*INPUT DATA:*
▬▬▬

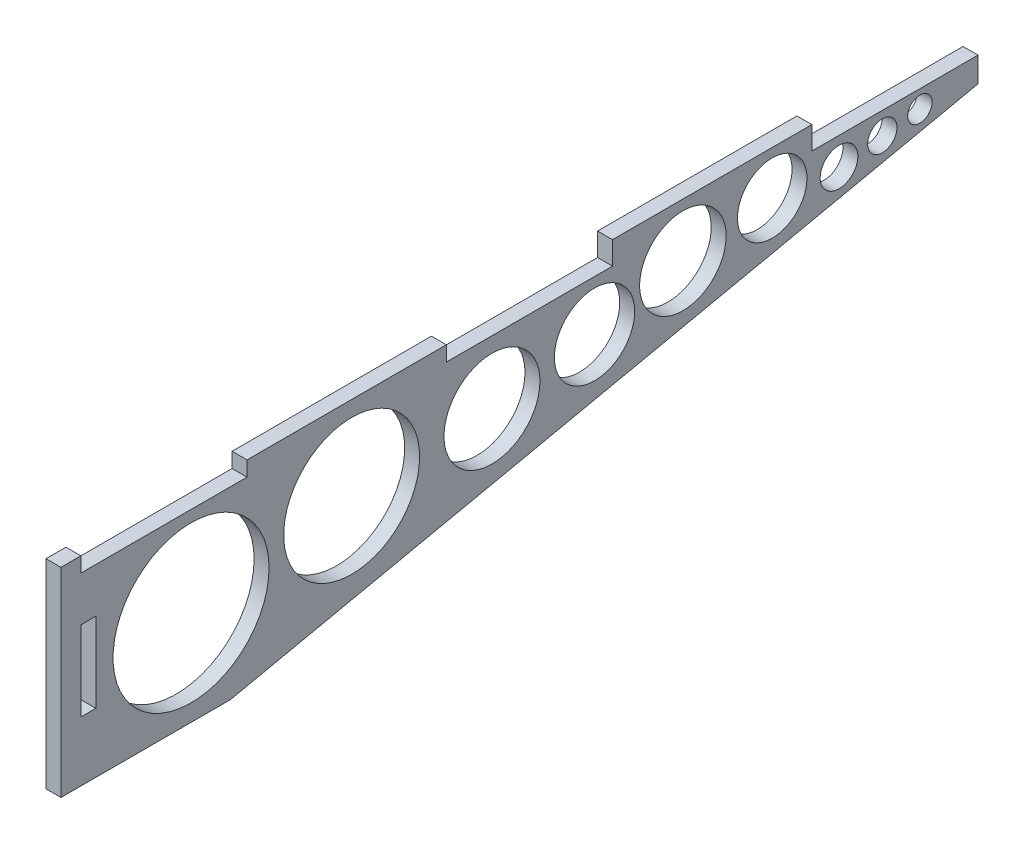
ISO-10303-21;
HEADER;
FILE_DESCRIPTION(('STEP AP214'),'2;1');
FILE_NAME('part.step','',(''),(''),'','','');
FILE_SCHEMA(('AUTOMOTIVE_DESIGN { 1 0 10303 214 1 1 1 1 }'));
ENDSEC;
DATA;
#1=APPLICATION_CONTEXT('core data for automotive mechanical design processes');
#2=APPLICATION_PROTOCOL_DEFINITION('international standard','automotive_design',2000,#1);
#3=PRODUCT_CONTEXT('',#1,'mechanical');
#4=PRODUCT('Part','Part','',(#3));
#5=PRODUCT_RELATED_PRODUCT_CATEGORY('part','',(#4));
#6=PRODUCT_DEFINITION_FORMATION('','',#4);
#7=PRODUCT_DEFINITION_CONTEXT('part definition',#1,'design');
#8=PRODUCT_DEFINITION('design','',#6,#7);
#9=PRODUCT_DEFINITION_SHAPE('','',#8);
#10=(LENGTH_UNIT() NAMED_UNIT(*) SI_UNIT(.MILLI.,.METRE.));
#11=(NAMED_UNIT(*) PLANE_ANGLE_UNIT() SI_UNIT($,.RADIAN.));
#12=(NAMED_UNIT(*) SI_UNIT($,.STERADIAN.) SOLID_ANGLE_UNIT());
#13=UNCERTAINTY_MEASURE_WITH_UNIT(LENGTH_MEASURE(1.E-05),#10,'distance_accuracy_value','');
#14=(GEOMETRIC_REPRESENTATION_CONTEXT(3) GLOBAL_UNCERTAINTY_ASSIGNED_CONTEXT((#13)) GLOBAL_UNIT_ASSIGNED_CONTEXT((#10,
#11,#12)) REPRESENTATION_CONTEXT('',''));
#15=CARTESIAN_POINT('',(0.,0.,0.));
#16=DIRECTION('',(0.,0.,1.));
#17=DIRECTION('',(1.,0.,0.));
#18=AXIS2_PLACEMENT_3D('',#15,#16,#17);
#19=CARTESIAN_POINT('',(3.,-12.,0.));
#20=DIRECTION('',(0.,1.,0.));
#21=DIRECTION('',(0.,0.,1.));
#22=AXIS2_PLACEMENT_3D('',#19,#20,#21);
#23=PLANE('',#22);
#24=DIRECTION('',(0.,0.,-1.));
#25=VECTOR('',#24,1.);
#26=CARTESIAN_POINT('',(0.,-12.,0.));
#27=LINE('',#26,#25);
#28=CARTESIAN_POINT('',(0.,-12.,0.));
#29=VERTEX_POINT('',#28);
#30=CARTESIAN_POINT('',(0.,-12.,-3.));
#31=VERTEX_POINT('',#30);
#32=EDGE_CURVE('E237',#29,#31,#27,.T.);
#33=ORIENTED_EDGE('',*,*,#32,.T.);
#34=DIRECTION('',(-1.,0.,0.));
#35=VECTOR('',#34,1.);
#36=CARTESIAN_POINT('',(3.,-12.,-3.));
#37=LINE('',#36,#35);
#38=CARTESIAN_POINT('',(3.,-12.,-3.));
#39=VERTEX_POINT('',#38);
#40=EDGE_CURVE('E11',#39,#31,#37,.T.);
#41=ORIENTED_EDGE('',*,*,#40,.F.);
#42=DIRECTION('',(0.,0.,-1.));
#43=VECTOR('',#42,1.);
#44=CARTESIAN_POINT('',(3.,-12.,0.));
#45=LINE('',#44,#43);
#46=CARTESIAN_POINT('',(3.,-12.,0.));
#47=VERTEX_POINT('',#46);
#48=EDGE_CURVE('E177',#47,#39,#45,.T.);
#49=ORIENTED_EDGE('',*,*,#48,.F.);
#50=DIRECTION('',(-1.,0.,0.));
#51=VECTOR('',#50,1.);
#52=CARTESIAN_POINT('',(3.,-12.,0.));
#53=LINE('',#52,#51);
#54=EDGE_CURVE('E58',#47,#29,#53,.T.);
#55=ORIENTED_EDGE('',*,*,#54,.T.);
#56=EDGE_LOOP('',(#33,#41,#49,#55));
#57=FACE_BOUND('',#56,.T.);
#58=ADVANCED_FACE('F39',(#57),#23,.F.);
#59=CARTESIAN_POINT('',(3.,0.,-3.));
#60=DIRECTION('',(0.,0.,-1.));
#61=DIRECTION('',(0.,1.,0.));
#62=AXIS2_PLACEMENT_3D('',#59,#60,#61);
#63=PLANE('',#62);
#64=DIRECTION('',(0.,-1.,0.));
#65=VECTOR('',#64,1.);
#66=CARTESIAN_POINT('',(0.,0.,-3.));
#67=LINE('',#66,#65);
#68=CARTESIAN_POINT('',(0.,-28.,-3.));
#69=VERTEX_POINT('',#68);
#70=EDGE_CURVE('E183',#31,#69,#67,.T.);
#71=ORIENTED_EDGE('',*,*,#70,.T.);
#72=DIRECTION('',(-1.,0.,0.));
#73=VECTOR('',#72,1.);
#74=CARTESIAN_POINT('',(3.,-28.,-3.));
#75=LINE('',#74,#73);
#76=CARTESIAN_POINT('',(3.,-28.,-3.));
#77=VERTEX_POINT('',#76);
#78=EDGE_CURVE('E49',#77,#69,#75,.T.);
#79=ORIENTED_EDGE('',*,*,#78,.F.);
#80=DIRECTION('',(0.,-1.,0.));
#81=VECTOR('',#80,1.);
#82=CARTESIAN_POINT('',(3.,0.,-3.));
#83=LINE('',#82,#81);
#84=EDGE_CURVE('E171',#39,#77,#83,.T.);
#85=ORIENTED_EDGE('',*,*,#84,.F.);
#86=ORIENTED_EDGE('',*,*,#40,.T.);
#87=EDGE_LOOP('',(#71,#79,#85,#86));
#88=FACE_BOUND('',#87,.T.);
#89=ADVANCED_FACE('F182',(#88),#63,.F.);
#90=CARTESIAN_POINT('',(3.,-28.,0.));
#91=DIRECTION('',(0.,1.,0.));
#92=DIRECTION('',(0.,0.,1.));
#93=AXIS2_PLACEMENT_3D('',#90,#91,#92);
#94=PLANE('',#93);
#95=DIRECTION('',(0.,0.,-1.));
#96=VECTOR('',#95,1.);
#97=CARTESIAN_POINT('',(0.,-28.,0.));
#98=LINE('',#97,#96);
#99=CARTESIAN_POINT('',(0.,-28.,0.));
#100=VERTEX_POINT('',#99);
#101=EDGE_CURVE('E240',#100,#69,#98,.T.);
#102=ORIENTED_EDGE('',*,*,#101,.F.);
#103=DIRECTION('',(-1.,0.,0.));
#104=VECTOR('',#103,1.);
#105=CARTESIAN_POINT('',(3.,-28.,0.));
#106=LINE('',#105,#104);
#107=CARTESIAN_POINT('',(3.,-28.,0.));
#108=VERTEX_POINT('',#107);
#109=EDGE_CURVE('E112',#108,#100,#106,.T.);
#110=ORIENTED_EDGE('',*,*,#109,.F.);
#111=DIRECTION('',(0.,0.,-1.));
#112=VECTOR('',#111,1.);
#113=CARTESIAN_POINT('',(3.,-28.,0.));
#114=LINE('',#113,#112);
#115=EDGE_CURVE('E176',#108,#77,#114,.T.);
#116=ORIENTED_EDGE('',*,*,#115,.T.);
#117=ORIENTED_EDGE('',*,*,#78,.T.);
#118=EDGE_LOOP('',(#102,#110,#116,#117));
#119=FACE_BOUND('',#118,.T.);
#120=ADVANCED_FACE('F187',(#119),#94,.T.);
#121=CARTESIAN_POINT('',(3.,0.,0.));
#122=DIRECTION('',(0.,1.,0.));
#123=DIRECTION('',(0.,0.,1.));
#124=AXIS2_PLACEMENT_3D('',#121,#122,#123);
#125=PLANE('',#124);
#126=DIRECTION('',(0.,0.,-1.));
#127=VECTOR('',#126,1.);
#128=CARTESIAN_POINT('',(0.,0.,0.));
#129=LINE('',#128,#127);
#130=CARTESIAN_POINT('',(0.,0.,4.));
#131=VERTEX_POINT('',#130);
#132=CARTESIAN_POINT('',(0.,0.,0.));
#133=VERTEX_POINT('',#132);
#134=EDGE_CURVE('E194',#131,#133,#129,.T.);
#135=ORIENTED_EDGE('',*,*,#134,.F.);
#136=DIRECTION('',(-1.,0.,0.));
#137=VECTOR('',#136,1.);
#138=CARTESIAN_POINT('',(3.,0.,4.));
#139=LINE('',#138,#137);
#140=CARTESIAN_POINT('',(3.,0.,4.));
#141=VERTEX_POINT('',#140);
#142=EDGE_CURVE('E124',#141,#131,#139,.T.);
#143=ORIENTED_EDGE('',*,*,#142,.F.);
#144=DIRECTION('',(0.,0.,-1.));
#145=VECTOR('',#144,1.);
#146=CARTESIAN_POINT('',(3.,0.,0.));
#147=LINE('',#146,#145);
#148=CARTESIAN_POINT('',(3.,0.,0.));
#149=VERTEX_POINT('',#148);
#150=EDGE_CURVE('E245',#141,#149,#147,.T.);
#151=ORIENTED_EDGE('',*,*,#150,.T.);
#152=DIRECTION('',(-1.,0.,0.));
#153=VECTOR('',#152,1.);
#154=CARTESIAN_POINT('',(3.,0.,0.));
#155=LINE('',#154,#153);
#156=EDGE_CURVE('E190',#149,#133,#155,.T.);
#157=ORIENTED_EDGE('',*,*,#156,.T.);
#158=EDGE_LOOP('',(#135,#143,#151,#157));
#159=FACE_BOUND('',#158,.T.);
#160=ADVANCED_FACE('F41',(#159),#125,.T.);
#161=CARTESIAN_POINT('',(3.,0.,4.));
#162=DIRECTION('',(0.,0.,1.));
#163=DIRECTION('',(1.,0.,0.));
#164=AXIS2_PLACEMENT_3D('',#161,#162,#163);
#165=PLANE('',#164);
#166=DIRECTION('',(0.,1.,0.));
#167=VECTOR('',#166,1.);
#168=CARTESIAN_POINT('',(0.,0.,4.));
#169=LINE('',#168,#167);
#170=CARTESIAN_POINT('',(0.,-40.,4.));
#171=VERTEX_POINT('',#170);
#172=EDGE_CURVE('E197',#171,#131,#169,.T.);
#173=ORIENTED_EDGE('',*,*,#172,.F.);
#174=DIRECTION('',(-1.,0.,0.));
#175=VECTOR('',#174,1.);
#176=CARTESIAN_POINT('',(3.,-40.,4.));
#177=LINE('',#176,#175);
#178=CARTESIAN_POINT('',(3.,-40.,4.));
#179=VERTEX_POINT('',#178);
#180=EDGE_CURVE('E269',#179,#171,#177,.T.);
#181=ORIENTED_EDGE('',*,*,#180,.F.);
#182=DIRECTION('',(0.,1.,0.));
#183=VECTOR('',#182,1.);
#184=CARTESIAN_POINT('',(3.,0.,4.));
#185=LINE('',#184,#183);
#186=EDGE_CURVE('E317',#179,#141,#185,.T.);
#187=ORIENTED_EDGE('',*,*,#186,.T.);
#188=ORIENTED_EDGE('',*,*,#142,.T.);
#189=EDGE_LOOP('',(#173,#181,#187,#188));
#190=FACE_BOUND('',#189,.T.);
#191=ADVANCED_FACE('F371',(#190),#165,.T.);
#192=CARTESIAN_POINT('',(3.,-40.,0.));
#193=DIRECTION('',(0.,-1.,0.));
#194=DIRECTION('',(0.,0.,-1.));
#195=AXIS2_PLACEMENT_3D('',#192,#193,#194);
#196=PLANE('',#195);
#197=DIRECTION('',(0.,0.,1.));
#198=VECTOR('',#197,1.);
#199=CARTESIAN_POINT('',(0.,-40.,0.));
#200=LINE('',#199,#198);
#201=CARTESIAN_POINT('',(0.,-40.,-30.));
#202=VERTEX_POINT('',#201);
#203=EDGE_CURVE('E201',#202,#171,#200,.T.);
#204=ORIENTED_EDGE('',*,*,#203,.F.);
#205=DIRECTION('',(-1.,0.,0.));
#206=VECTOR('',#205,1.);
#207=CARTESIAN_POINT('',(3.,-40.,-30.));
#208=LINE('',#207,#206);
#209=CARTESIAN_POINT('',(3.,-40.,-30.));
#210=VERTEX_POINT('',#209);
#211=EDGE_CURVE('E267',#210,#202,#208,.T.);
#212=ORIENTED_EDGE('',*,*,#211,.F.);
#213=DIRECTION('',(0.,0.,1.));
#214=VECTOR('',#213,1.);
#215=CARTESIAN_POINT('',(3.,-40.,0.));
#216=LINE('',#215,#214);
#217=EDGE_CURVE('E320',#210,#179,#216,.T.);
#218=ORIENTED_EDGE('',*,*,#217,.T.);
#219=ORIENTED_EDGE('',*,*,#180,.T.);
#220=EDGE_LOOP('',(#204,#212,#218,#219));
#221=FACE_BOUND('',#220,.T.);
#222=ADVANCED_FACE('F376',(#221),#196,.T.);
#223=CARTESIAN_POINT('',(3.,-44.380207447713,-9.46777758884544));
#224=DIRECTION('',(0.,-0.977992836424307,-0.208638471770519));
#225=DIRECTION('',(0.,0.208638471770519,-0.977992836424308));
#226=AXIS2_PLACEMENT_3D('',#223,#224,#225);
#227=PLANE('',#226);
#228=DIRECTION('',(0.,-0.208638471770519,0.977992836424308));
#229=VECTOR('',#228,1.);
#230=CARTESIAN_POINT('',(0.,-44.380207447713,-9.46777758884544));
#231=LINE('',#230,#229);
#232=CARTESIAN_POINT('',(0.,-7.99999999999999,-180.));
#233=VERTEX_POINT('',#232);
#234=EDGE_CURVE('E204',#233,#202,#231,.T.);
#235=ORIENTED_EDGE('',*,*,#234,.F.);
#236=DIRECTION('',(-1.,0.,0.));
#237=VECTOR('',#236,1.);
#238=CARTESIAN_POINT('',(3.,-7.99999999999999,-180.));
#239=LINE('',#238,#237);
#240=CARTESIAN_POINT('',(3.,-7.99999999999999,-180.));
#241=VERTEX_POINT('',#240);
#242=EDGE_CURVE('E265',#241,#233,#239,.T.);
#243=ORIENTED_EDGE('',*,*,#242,.F.);
#244=DIRECTION('',(0.,-0.208638471770519,0.977992836424308));
#245=VECTOR('',#244,1.);
#246=CARTESIAN_POINT('',(3.,-44.380207447713,-9.46777758884544));
#247=LINE('',#246,#245);
#248=EDGE_CURVE('E323',#241,#210,#247,.T.);
#249=ORIENTED_EDGE('',*,*,#248,.T.);
#250=ORIENTED_EDGE('',*,*,#211,.T.);
#251=EDGE_LOOP('',(#235,#243,#249,#250));
#252=FACE_BOUND('',#251,.T.);
#253=ADVANCED_FACE('F422',(#252),#227,.T.);
#254=CARTESIAN_POINT('',(3.,0.,-180.));
#255=DIRECTION('',(0.,0.,-1.));
#256=DIRECTION('',(-1.,0.,0.));
#257=AXIS2_PLACEMENT_3D('',#254,#255,#256);
#258=PLANE('',#257);
#259=DIRECTION('',(0.,-1.,0.));
#260=VECTOR('',#259,1.);
#261=CARTESIAN_POINT('',(0.,0.,-180.));
#262=LINE('',#261,#260);
#263=CARTESIAN_POINT('',(0.,-3.,-180.));
#264=VERTEX_POINT('',#263);
#265=EDGE_CURVE('E207',#264,#233,#262,.T.);
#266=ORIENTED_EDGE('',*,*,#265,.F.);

▬▬▬

*TASK STATEMENT:*
The lines above, starting at the one with "#203=EDGE_CURVE('E201',#202,#171,#200,.T.);" and ending at the one with "#231=LINE('',#230,#229);", are the only ones to return, exactly as written.

*TASK OUTPUT:*
#203=EDGE_CURVE('E201',#202,#171,#200,.T.);
#204=ORIENTED_EDGE('',*,*,#203,.F.);
#205=DIRECTION('',(-1.,0.,0.));
#206=VECTOR('',#205,1.);
#207=CARTESIAN_POINT('',(3.,-40.,-30.));
#208=LINE('',#207,#206);
#209=CARTESIAN_POINT('',(3.,-40.,-30.));
#210=VERTEX_POINT('',#209);
#211=EDGE_CURVE('E267',#210,#202,#208,.T.);
#212=ORIENTED_EDGE('',*,*,#211,.F.);
#213=DIRECTION('',(0.,0.,1.));
#214=VECTOR('',#213,1.);
#215=CARTESIAN_POINT('',(3.,-40.,0.));
#216=LINE('',#215,#214);
#217=EDGE_CURVE('E320',#210,#179,#216,.T.);
#218=ORIENTED_EDGE('',*,*,#217,.T.);
#219=ORIENTED_EDGE('',*,*,#180,.T.);
#220=EDGE_LOOP('',(#204,#212,#218,#219));
#221=FACE_BOUND('',#220,.T.);
#222=ADVANCED_FACE('F376',(#221),#196,.T.);
#223=CARTESIAN_POINT('',(3.,-44.380207447713,-9.46777758884544));
#224=DIRECTION('',(0.,-0.977992836424307,-0.208638471770519));
#225=DIRECTION('',(0.,0.208638471770519,-0.977992836424308));
#226=AXIS2_PLACEMENT_3D('',#223,#224,#225);
#227=PLANE('',#226);
#228=DIRECTION('',(0.,-0.208638471770519,0.977992836424308));
#229=VECTOR('',#228,1.);
#230=CARTESIAN_POINT('',(0.,-44.380207447713,-9.46777758884544));
#231=LINE('',#230,#229);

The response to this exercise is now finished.